In the village of Dinaoyan, Fernan sits outside his simple wooden house, with his children on his knee while chickens run around us and tells how he was on his way home one night, when his car was stopped by armed security guards.  They fired a shot into the number plate of his jeep then arrested him at gunpoint and took him to the police station where his driver’s license was confiscated and he was held for no reason until the next day.

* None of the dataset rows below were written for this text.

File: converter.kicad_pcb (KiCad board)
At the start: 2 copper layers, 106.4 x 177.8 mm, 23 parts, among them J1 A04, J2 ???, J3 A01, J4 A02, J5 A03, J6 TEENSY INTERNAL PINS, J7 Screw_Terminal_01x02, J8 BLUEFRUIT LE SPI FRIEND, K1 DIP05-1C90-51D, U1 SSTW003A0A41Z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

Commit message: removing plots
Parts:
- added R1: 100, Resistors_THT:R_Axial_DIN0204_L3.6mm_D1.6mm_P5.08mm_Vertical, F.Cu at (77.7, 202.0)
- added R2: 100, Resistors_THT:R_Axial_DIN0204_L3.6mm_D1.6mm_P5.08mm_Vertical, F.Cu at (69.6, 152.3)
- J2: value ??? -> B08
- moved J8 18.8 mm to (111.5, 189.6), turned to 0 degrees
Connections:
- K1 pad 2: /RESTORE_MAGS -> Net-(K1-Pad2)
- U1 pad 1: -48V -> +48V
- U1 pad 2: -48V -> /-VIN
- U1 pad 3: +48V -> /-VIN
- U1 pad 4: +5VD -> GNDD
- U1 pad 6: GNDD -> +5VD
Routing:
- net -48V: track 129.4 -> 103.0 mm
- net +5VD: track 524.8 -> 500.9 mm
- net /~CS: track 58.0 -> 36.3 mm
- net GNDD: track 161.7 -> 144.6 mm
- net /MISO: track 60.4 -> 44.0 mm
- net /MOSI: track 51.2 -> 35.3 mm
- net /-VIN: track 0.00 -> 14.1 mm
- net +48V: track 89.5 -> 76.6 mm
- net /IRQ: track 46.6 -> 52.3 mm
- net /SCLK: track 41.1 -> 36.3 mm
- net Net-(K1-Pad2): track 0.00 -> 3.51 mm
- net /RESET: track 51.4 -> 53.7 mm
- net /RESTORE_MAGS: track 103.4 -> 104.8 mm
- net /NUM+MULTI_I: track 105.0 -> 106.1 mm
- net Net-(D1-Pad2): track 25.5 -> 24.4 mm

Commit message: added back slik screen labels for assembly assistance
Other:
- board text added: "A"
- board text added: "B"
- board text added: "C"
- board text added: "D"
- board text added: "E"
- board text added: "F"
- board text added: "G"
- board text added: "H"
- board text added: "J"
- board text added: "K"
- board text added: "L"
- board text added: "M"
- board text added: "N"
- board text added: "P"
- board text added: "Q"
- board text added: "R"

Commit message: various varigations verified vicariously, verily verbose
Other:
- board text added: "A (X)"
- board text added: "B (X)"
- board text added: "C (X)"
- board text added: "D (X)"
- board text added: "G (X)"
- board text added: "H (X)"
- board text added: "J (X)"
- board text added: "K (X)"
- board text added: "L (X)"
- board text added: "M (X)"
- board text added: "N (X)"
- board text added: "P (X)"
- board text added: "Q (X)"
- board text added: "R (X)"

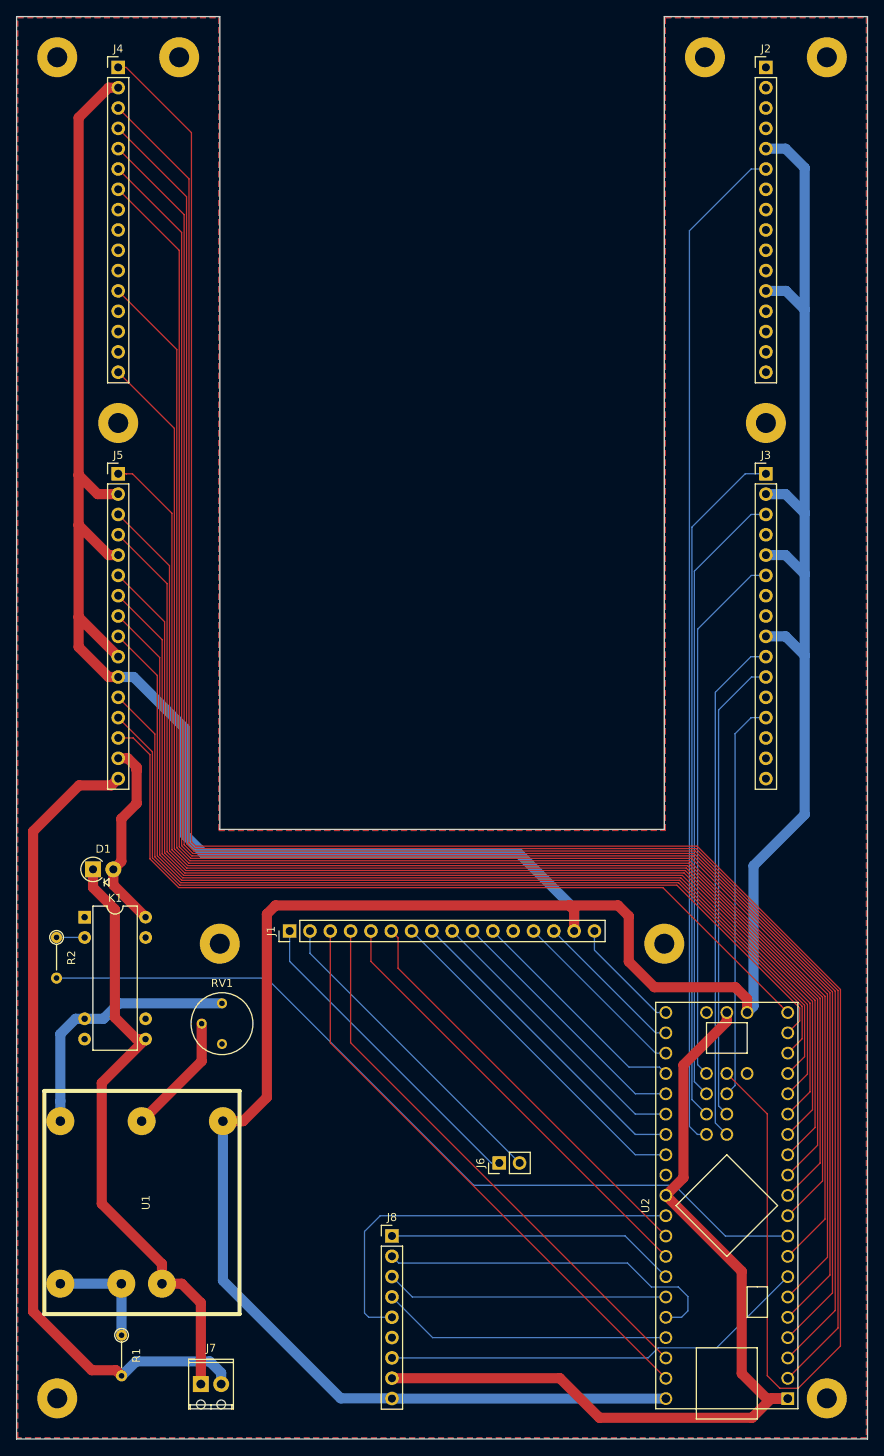
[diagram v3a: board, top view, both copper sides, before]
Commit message: updated flyback diode footprint, and cleaned up some of the silkscreening
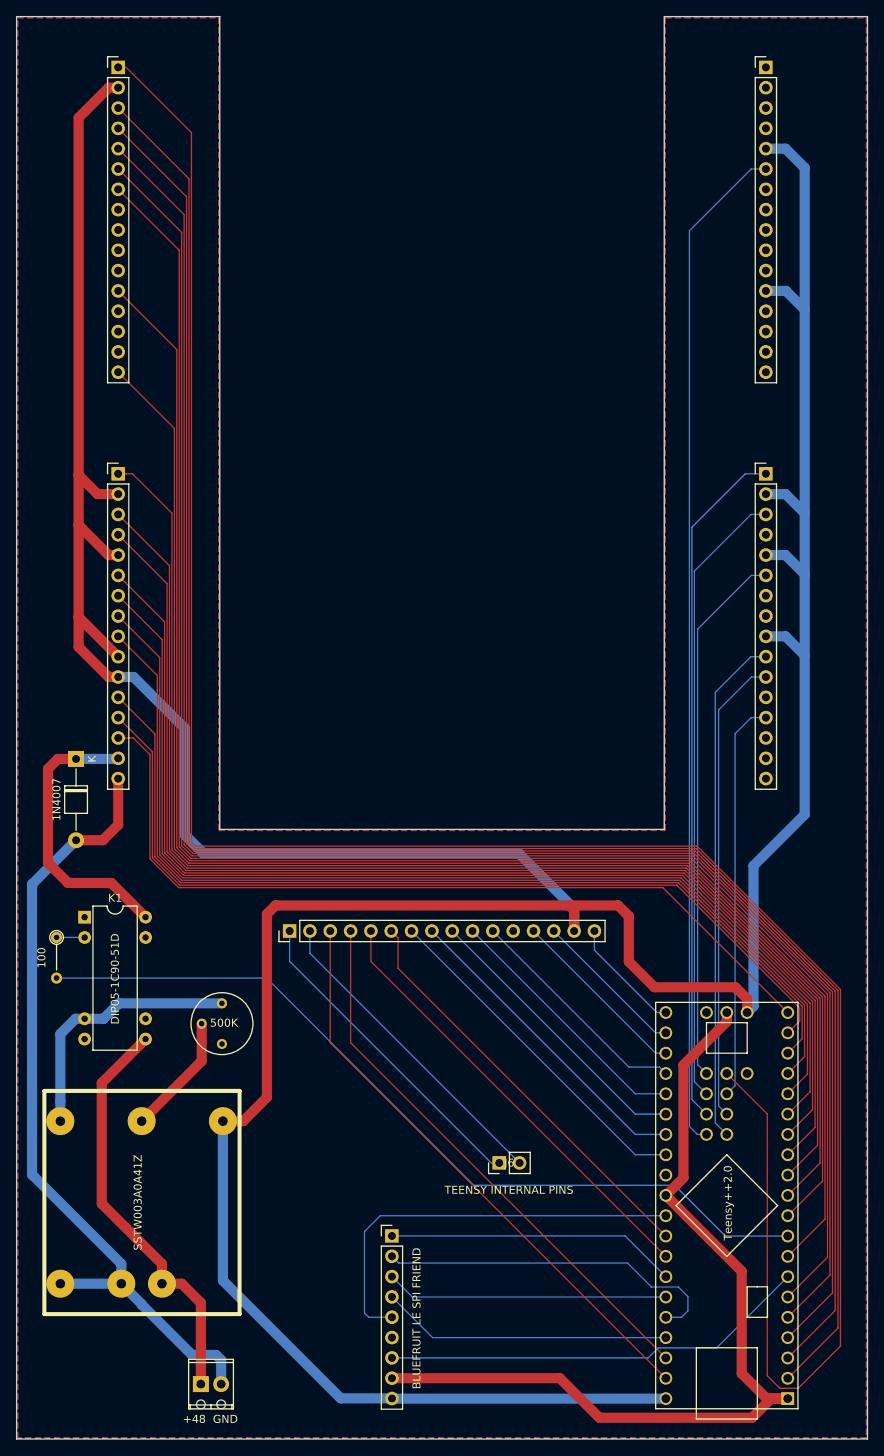
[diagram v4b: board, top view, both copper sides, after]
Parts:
- removed R1: 100, Resistors_THT:R_Axial_DIN0204_L3.6mm_D1.6mm_P5.08mm_Vertical
- removed REF** (x10): MountingHole_2.5mm_Pad, Mounting_Holes:MountingHole_2.5mm_Pad
- D1: footprint Diodes_THT:D_T-1_P2.54mm_Vertical_AnodeUp -> Diode_THT:D_T-1_P10.16mm_Horizontal
- J7: value Screw_Terminal_01x02 -> +48 GND
- moved D1 14.0 mm to (72.0, 130.0), turned to 270 degrees
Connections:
- D1 pad 1: +48V -> Net-(D1-Pad1)
- D1 pad 2: Net-(D1-Pad2) -> -48V
- J5 pad 15: Net-(D1-Pad2) -> Net-(D1-Pad1)
- K1 pad 14: Net-(D1-Pad2) -> Net-(D1-Pad1)
- U1 pad 2: /-VIN -> -48V
- U1 pad 3: /-VIN -> -48V
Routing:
- net Net-(D1-Pad1): track 0.00 -> 36.1 mm
- net +48V: track 76.6 -> 52.0 mm
- net Net-(D1-Pad2): track 24.4 -> 0.00 mm
- net /-VIN: track 14.1 -> 0.00 mm
- net -48V: track 103.0 -> 101.3 mm
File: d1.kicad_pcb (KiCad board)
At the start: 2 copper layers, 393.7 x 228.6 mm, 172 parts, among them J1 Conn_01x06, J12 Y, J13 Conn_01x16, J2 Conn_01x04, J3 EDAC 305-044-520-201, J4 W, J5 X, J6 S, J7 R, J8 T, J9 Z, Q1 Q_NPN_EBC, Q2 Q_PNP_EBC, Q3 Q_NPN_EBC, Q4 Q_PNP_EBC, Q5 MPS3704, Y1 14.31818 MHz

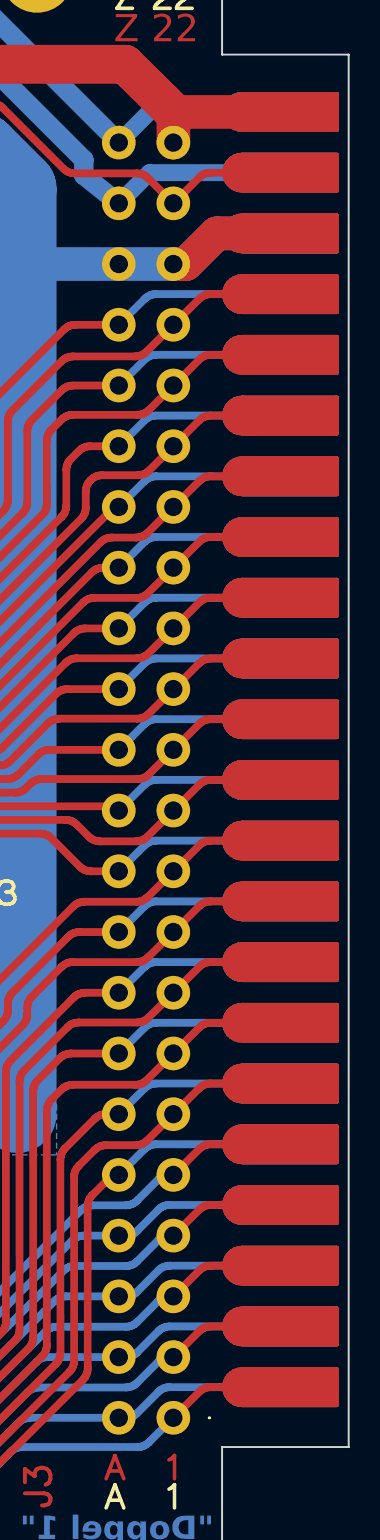
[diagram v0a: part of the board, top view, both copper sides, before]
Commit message: Created edge finger footprint
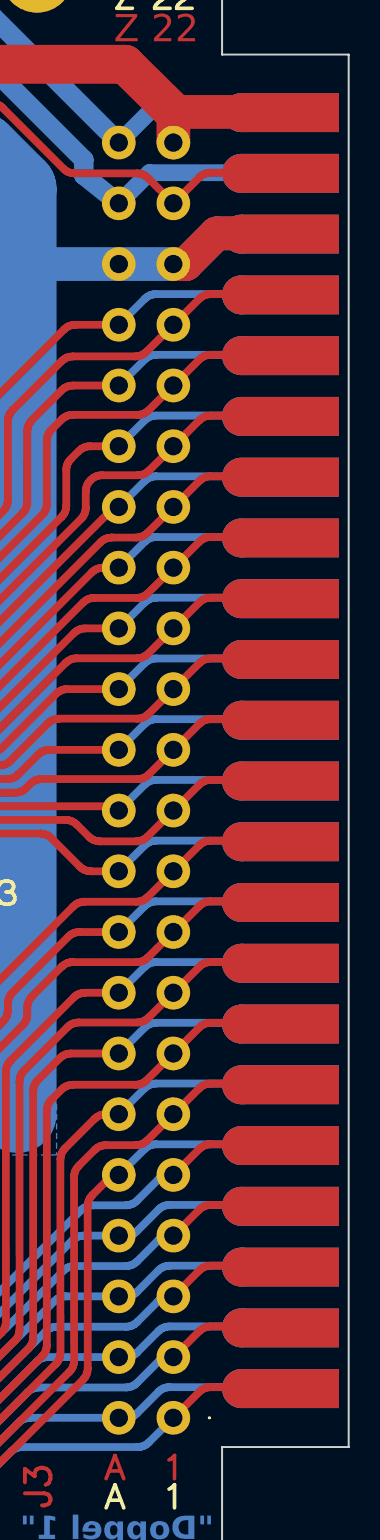
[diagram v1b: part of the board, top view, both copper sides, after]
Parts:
- added REF**: A1EdgeFingers, mainboard:A1EdgeFingers, F.Cu at (455.3, 310.5)
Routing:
- net GND: track 3263.4 -> 2945.1 mm
- net /Processor Section/ɸ2: track 876.4 -> 714.5 mm
- net -12V_UNREG: track 311.9 -> 152.1 mm
- net +5V: track 2653.9 -> 2494.7 mm
- net /Processor Section/A3: track 604.8 -> 445.7 mm
- net Net-(J7-~): track 381.6 -> 222.5 mm
- net /Processor Section/ɸ1: track 846.6 -> 687.5 mm
- net /Processor Section/~{NMI}: track 446.6 -> 287.5 mm
- net /Processor Section/~{IRQ}: track 434.4 -> 275.2 mm
- net /Processor Section/RDY: track 427.9 -> 268.8 mm
- net /Processor Section/D7: track 688.8 -> 529.7 mm
- net /Processor Section/D5: track 675.9 -> 516.8 mm
- net /Processor Section/A1: track 688.5 -> 529.4 mm
- net +12V_UNREG: track 314.9 -> 155.8 mm
- net /Processor Section/~{RES}: track 560.9 -> 401.8 mm
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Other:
- outline, holes or cut-outs redrawn

This was in April 2009 – Fernan is of the the Ifugao people who live in the Barangay Didipio in the lush tropical rain forested mountains of the Barangay Kasibu, Nueva Viscaya region of Northern Luzon. The Philippine government has sold this area to Oceana Gold, an Australian based mining company who bought the rights to unrestricted exploitation of the area in 2008. However Fernan and his fellow villagers have been resisting mining companies since in 1995 when, President Gloria Macapagal Arroyo passed the long anticipated and highly controversial 1995 Philippine Mining Act or Republic Act 7942 allowing, in accordance with IMF and WTO demands, 100% ownership of Filipino natural resources by foreign multinationals.  This sparked a feeding frenzy of profiteering across the mineral rich islands, causing massive ecological destruction and displacement as traditional farmers were forced off their lands and into lives of poverty in the cities trying to eke out a living as street vendors, working long hours for minimum wage or turning to crime to barely survive in the shanty towns which ring the metrocentres and megamalls of the sparkling new Filipino affluence.

Previous mining companies, Australasian Philippines Mining Inc. and Climax-Arimco, had already been successfully evicted as the local people came together in resistance as the organization DESAMA – Didipio Earth Savers Movement Association.  The first the villagers knew of this new sale to Oceana was when mining employees guarded by a large police escort turned up and started demolishing their houses.

Graphic video footage of shocked people being restrained by police as their houses were being torn down in a second attack featured in a documentary aired on Australian TV – Oxfam Australia.  This, combined with popular protest, action by environmental groups and investigations into Oceana’s shady financial dealings and escalating human rights abuses was enough for investors to lose confidence and Oceana has currently suspended operations due to lack of funding.

The company does however maintain the fenced off site, offices, housing and a small army of heavily armed private security guards.  We pass checkpoints every hundred meters or so as we enter the village and while concluding our interview, two shotgun wielding men in Sagittarius Security uniforms casually stroll through Fernan’s front garden, past the house, the chickens and his sons wooden basketball board.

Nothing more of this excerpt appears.